> [What is being asked]:
Search the entries for lines with the string "height" and say how many there are, giving only the number.

> [Material for this exercise]:
┄┄┄┄┄┄┄┄┄┄┄┄┄┄┄┄┄┄┄┄

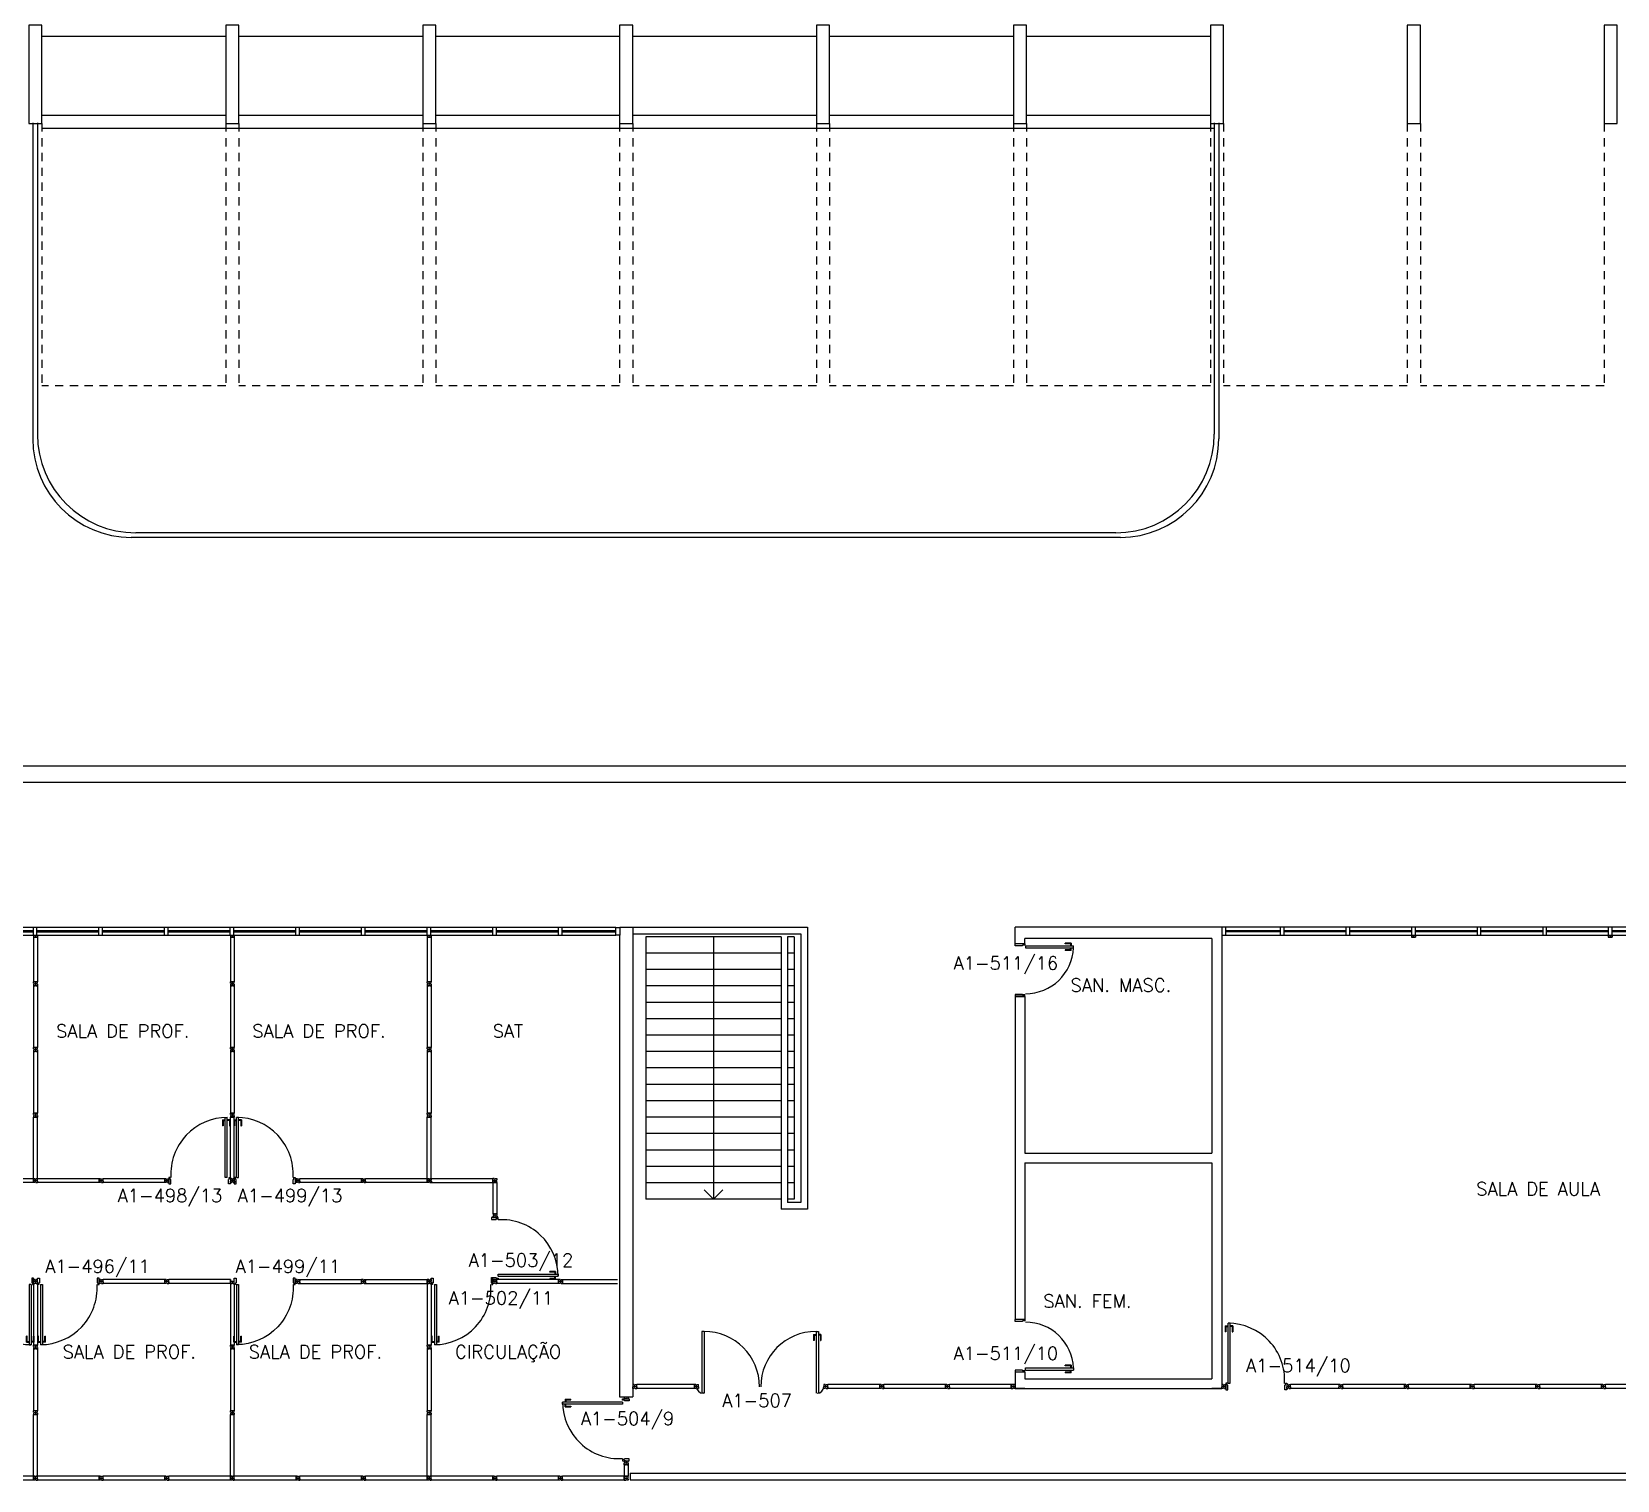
# Model space of a CAD drawing. Header units: millimetres. Extents: x 2308 to 2568, y 1142 to 1238.
# Drawn here: x 2351.47 to 2375.63, y 1163.37 to 1185.43 of the extents above; entities that cross this region are included whole.
import ezdxf

# ---------------------------------------------------------------- set-up
doc = ezdxf.new("R2010")
doc.units = ezdxf.units.MM
doc.linetypes.add('HIDDEN2', pattern=[0.1875, 0.125, -0.0625])
for name, color, linetype in [('1', 1, 'Continuous'), ('ALV', 2, 'Continuous'), ('DIV', 2, 'Continuous'), ('ESC', 1, 'Continuous'), ('ESQ', 1, 'Continuous'), ('ESTR', 3, 'Continuous'), ('PISO', 1, 'Continuous'), ('PORTA', 2, 'Continuous'), ('PROJ', 1, 'HIDDEN2'), ('TEXTO', 2, 'Continuous'), ('TEXTO-ENDEREÇO', 2, 'Continuous')]:
    doc.layers.add(name, color=color, linetype=linetype)
doc.styles.add('UNB-100', font='simplex.shx', dxfattribs={"height": 0.2})
doc.styles.add('UNB-100-1', font='simplex.shx', dxfattribs={"height": 0.2})

# ---------------------------------------------------------------- blocks, each defined once
blk = doc.blocks.new('PILAR-SLN')
blk.add_lwpolyline([(0.197, -42.97), (0.197, -44.47), (-0.003, -44.47), (-0.003, -42.97)], close=True)
blk = doc.blocks.new('DIVMT-SLN')
for p, q in [((-0.03, 0.03), (-0.03, 0.006)), ((-0.008, 0.03), (-0.03, 0.03)), ((-0.0185, 0.006), (-0.03, 0.006)), ((-0.0185, -0.006), (-0.0185, 0.006)), ((-0.008, 0.03), (-0.008, 0.02)), ((-0.008, 0.02), (0.008, 0.02)), ((-0.0051, 0), (0.0051, 0)), ((0.0051, 0), (-0.0051, 0)), ((-0.0051, 0), (0.0051, 0)), ((0, -0.0051), (0, 0.0051)), ((0, 0.0051), (0, -0.0051)), ((0.008, 0.03), (0.008, 0.02)), ((0.008, 0.03), (0.03, 0.03)), ((0.0205, 0.006), (0.03, 0.006)), ((0.0205, -0.006), (0.0205, 0.006)), ((0.0205, 0.006), (0.0205, -0.006)), ((0.0205, 0.006), (0.03, 0.006)), ((0.97, 0.03), (0.03, 0.03)), ((0.03, 0.006), (0.03, 0.03)), ((0.03, -0.03), (0.03, 0.03)), ((0.03, -0.005), (0.03, 0.005)), ((0.97, -0.03), (0.97, 0.03)), ((0.97, 0.03), (0.97, 0.009)), ((0.97, 0.009), (0.97, 0.027)), ((0.9795, 0.006), (0.97, 0.006)), ((0.97, -0.005), (0.97, 0.005)), ((0.9795, 0.006), (0.9795, -0.006)), ((1.0051, 0), (0.9949, 0)), ((1, 0.0051), (1, -0.0051)), ((-0.0185, -0.006), (-0.03, -0.006)), ((-0.03, -0.03), (-0.03, -0.006)), ((-0.008, -0.03), (-0.03, -0.03)), ((-0.008, -0.03), (-0.008, -0.02)), ((-0.008, -0.02), (0.008, -0.02)), ((0.008, -0.03), (0.008, -0.02)), ((0.008, -0.03), (0.03, -0.03)), ((0.0205, -0.006), (0.03, -0.006)), ((0.0205, -0.006), (0.03, -0.006)), ((0.03, -0.006), (0.03, -0.03)), ((0.97, -0.03), (0.03, -0.03)), ((0.9795, -0.006), (0.97, -0.006)), ((0.97, -0.009), (0.97, -0.027))]:
    blk.add_line(p, q)
blk = doc.blocks.new('PDV2D-SLN')
at = {"layer": 'DIV'}
for p, q in [((0.03, 0.05), (0.06, 0.05)), ((0.03, 0.035), (0.03, 0.05)), ((0.03, -0.035), (0.03, 0.035)), ((0.06, 0.05), (0.06, -0.02)), ((0.941, 0.05), (0.941, -0.02)), ((0.971, 0.05), (0.941, 0.05)), ((0.971, 0.035), (0.971, 0.05)), ((0.971, -0.035), (0.971, 0.035)), ((0.03, -0.05), (0.03, -0.035)), ((0.05, -0.05), (0.03, -0.05)), ((0.05, -0.02), (0.06, -0.02)), ((0.05, -0.02), (0.05, -0.05)), ((0.079, -0.05), (0.109, -0.05)), ((0.079, -0.05), (0.079, -0.965)), ((0.109, -0.05), (0.109, -0.965)), ((0.951, -0.02), (0.941, -0.02)), ((0.951, -0.02), (0.951, -0.05)), ((0.951, -0.05), (0.971, -0.05)), ((0.971, -0.05), (0.971, -0.035)), ((0.109, -0.965), (0.079, -0.965))]:
    blk.add_line(p, q, dxfattribs=at)
at = {"layer": 'DIV', "color": 1}
for p, q in [((0.036, -0.925), (0.036, -0.835)), ((0.046, -0.835), (0.036, -0.835)), ((0.036, -0.925), (0.076, -0.925)), ((0.046, -0.915), (0.046, -0.835)), ((0.046, -0.915), (0.076, -0.915)), ((0.141, -0.915), (0.111, -0.915)), ((0.151, -0.925), (0.111, -0.925)), ((0.141, -0.915), (0.141, -0.835)), ((0.141, -0.835), (0.151, -0.835)), ((0.151, -0.925), (0.151, -0.835))]:
    blk.add_line(p, q, dxfattribs=at)
blk.add_arc((0.076, -0.1), 0.864, 270.1564, 3.345, dxfattribs=at)
blk = doc.blocks.new('PDV2E-SLN')
at = {"layer": 'DIV', "color": 1}
for p, q in [((0.023, 0.925), (0.063, 0.925)), ((0.023, 0.925), (0.023, 0.835)), ((0.033, 0.835), (0.023, 0.835)), ((0.033, 0.915), (0.063, 0.915)), ((0.033, 0.915), (0.033, 0.835)), ((0.138, 0.925), (0.097, 0.925)), ((0.128, 0.915), (0.097, 0.915)), ((0.128, 0.915), (0.128, 0.835)), ((0.128, 0.835), (0.137, 0.835)), ((0.138, 0.925), (0.138, 0.835))]:
    blk.add_line(p, q, dxfattribs=at)
at = {"layer": 'DIV'}
for p, q in [((0.065, 0.05), (0.065, 0.965)), ((0.095, 0.965), (0.065, 0.965)), ((0.095, 0.05), (0.095, 0.965)), ((0.049, 0.05), (0.029, 0.05)), ((0.029, 0.05), (0.029, 0.035)), ((0.029, 0.035), (0.029, -0.035)), ((0.049, 0.02), (0.049, 0.05)), ((0.049, 0.02), (0.059, 0.02)), ((0.059, -0.05), (0.059, 0.02)), ((0.065, 0.05), (0.095, 0.05)), ((0.928, -0.05), (0.928, 0.02)), ((0.938, 0.02), (0.928, 0.02)), ((0.938, 0.05), (0.958, 0.05)), ((0.938, 0.02), (0.938, 0.05)), ((0.958, 0.05), (0.958, 0.035)), ((0.958, 0.035), (0.958, -0.035)), ((0.029, -0.035), (0.029, -0.05)), ((0.029, -0.05), (0.059, -0.05)), ((0.958, -0.05), (0.928, -0.05)), ((0.958, -0.035), (0.958, -0.05))]:
    blk.add_line(p, q, dxfattribs=at)
at = {"layer": 'DIV', "color": 1}
blk.add_arc((0.063, 0.1), 0.864, 356.655, 89.8436, dxfattribs=at)
blk = doc.blocks.new('MTT-SLN')
for p, q in [((-0.008, 0.03), (-0.03, 0.03)), ((-0.03, 0.03), (-0.03, 0.006)), ((-0.0185, 0.006), (-0.03, 0.006)), ((-0.0185, -0.006), (-0.0185, 0.006)), ((-0.008, 0.03), (-0.008, 0.02)), ((-0.008, 0.02), (0.008, 0.02)), ((-0.0051, 0), (0.0051, 0)), ((0, -0.0051), (0, 0.0051)), ((0.008, 0.03), (0.03, 0.03)), ((0.008, 0.03), (0.008, 0.02)), ((0.0205, -0.006), (0.0205, 0.006)), ((0.0205, 0.006), (0.03, 0.006)), ((0.03, 0.006), (0.03, 0.03)), ((-0.03, -0.03), (-0.03, -0.006)), ((-0.0185, -0.006), (-0.03, -0.006)), ((-0.008, -0.03), (-0.03, -0.03)), ((-0.008, -0.02), (0.008, -0.02)), ((-0.008, -0.03), (-0.008, -0.02)), ((0.008, -0.03), (0.008, -0.02)), ((0.008, -0.03), (0.03, -0.03)), ((0.0205, -0.006), (0.03, -0.006)), ((0.03, -0.006), (0.03, -0.03))]:
    blk.add_line(p, q)
blk = doc.blocks.new('DIV-SLN')
for p, q in [((-0.0051, 0), (0.0051, 0)), ((0, -0.0051), (0, 0.0051)), ((0.0205, 0.006), (0.03, 0.006)), ((0.0205, -0.006), (0.0205, 0.006)), ((0.03, 0.03), (0.97, 0.03)), ((0.03, 0.03), (0.03, -0.03)), ((0.03, 0.009), (0.03, 0.027)), ((0.03, 0.005), (0.03, -0.005)), ((0.97, 0.03), (0.97, -0.03)), ((0.9795, 0.006), (0.97, 0.006)), ((0.97, 0.005), (0.97, -0.005)), ((0.9795, -0.006), (0.9795, 0.006)), ((1.0051, 0), (0.9949, 0)), ((0.9949, 0), (1.0051, 0)), ((1, -0.0051), (1, 0.0051)), ((0.0205, -0.006), (0.03, -0.006)), ((0.03, -0.03), (0.03, -0.009)), ((0.03, -0.009), (0.03, -0.027)), ((0.03, -0.03), (0.97, -0.03)), ((0.9795, -0.006), (0.97, -0.006))]:
    blk.add_line(p, q)
blk = doc.blocks.new('ESQCIR2-SLN')
at = {"color": 2}
for p, q in [((0.06, 0.119), (0, 0.119)), ((0, 0.119), (0, 0)), ((0.06, -0.001), (0.06, 0.119)), ((0.06, 0.053), (1, 0.053)), ((1, 0.065), (0.061, 0.065)), ((1, 0.119), (1, 0)), ((1.06, 0.119), (1, 0.119)), ((1.06, -0.001), (1.06, 0.119)), ((1.06, 0.053), (2, 0.053)), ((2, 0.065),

┄┄┄┄┄┄┄┄┄┄┄┄┄┄┄┄┄┄┄┄

> [Exercise output]:
2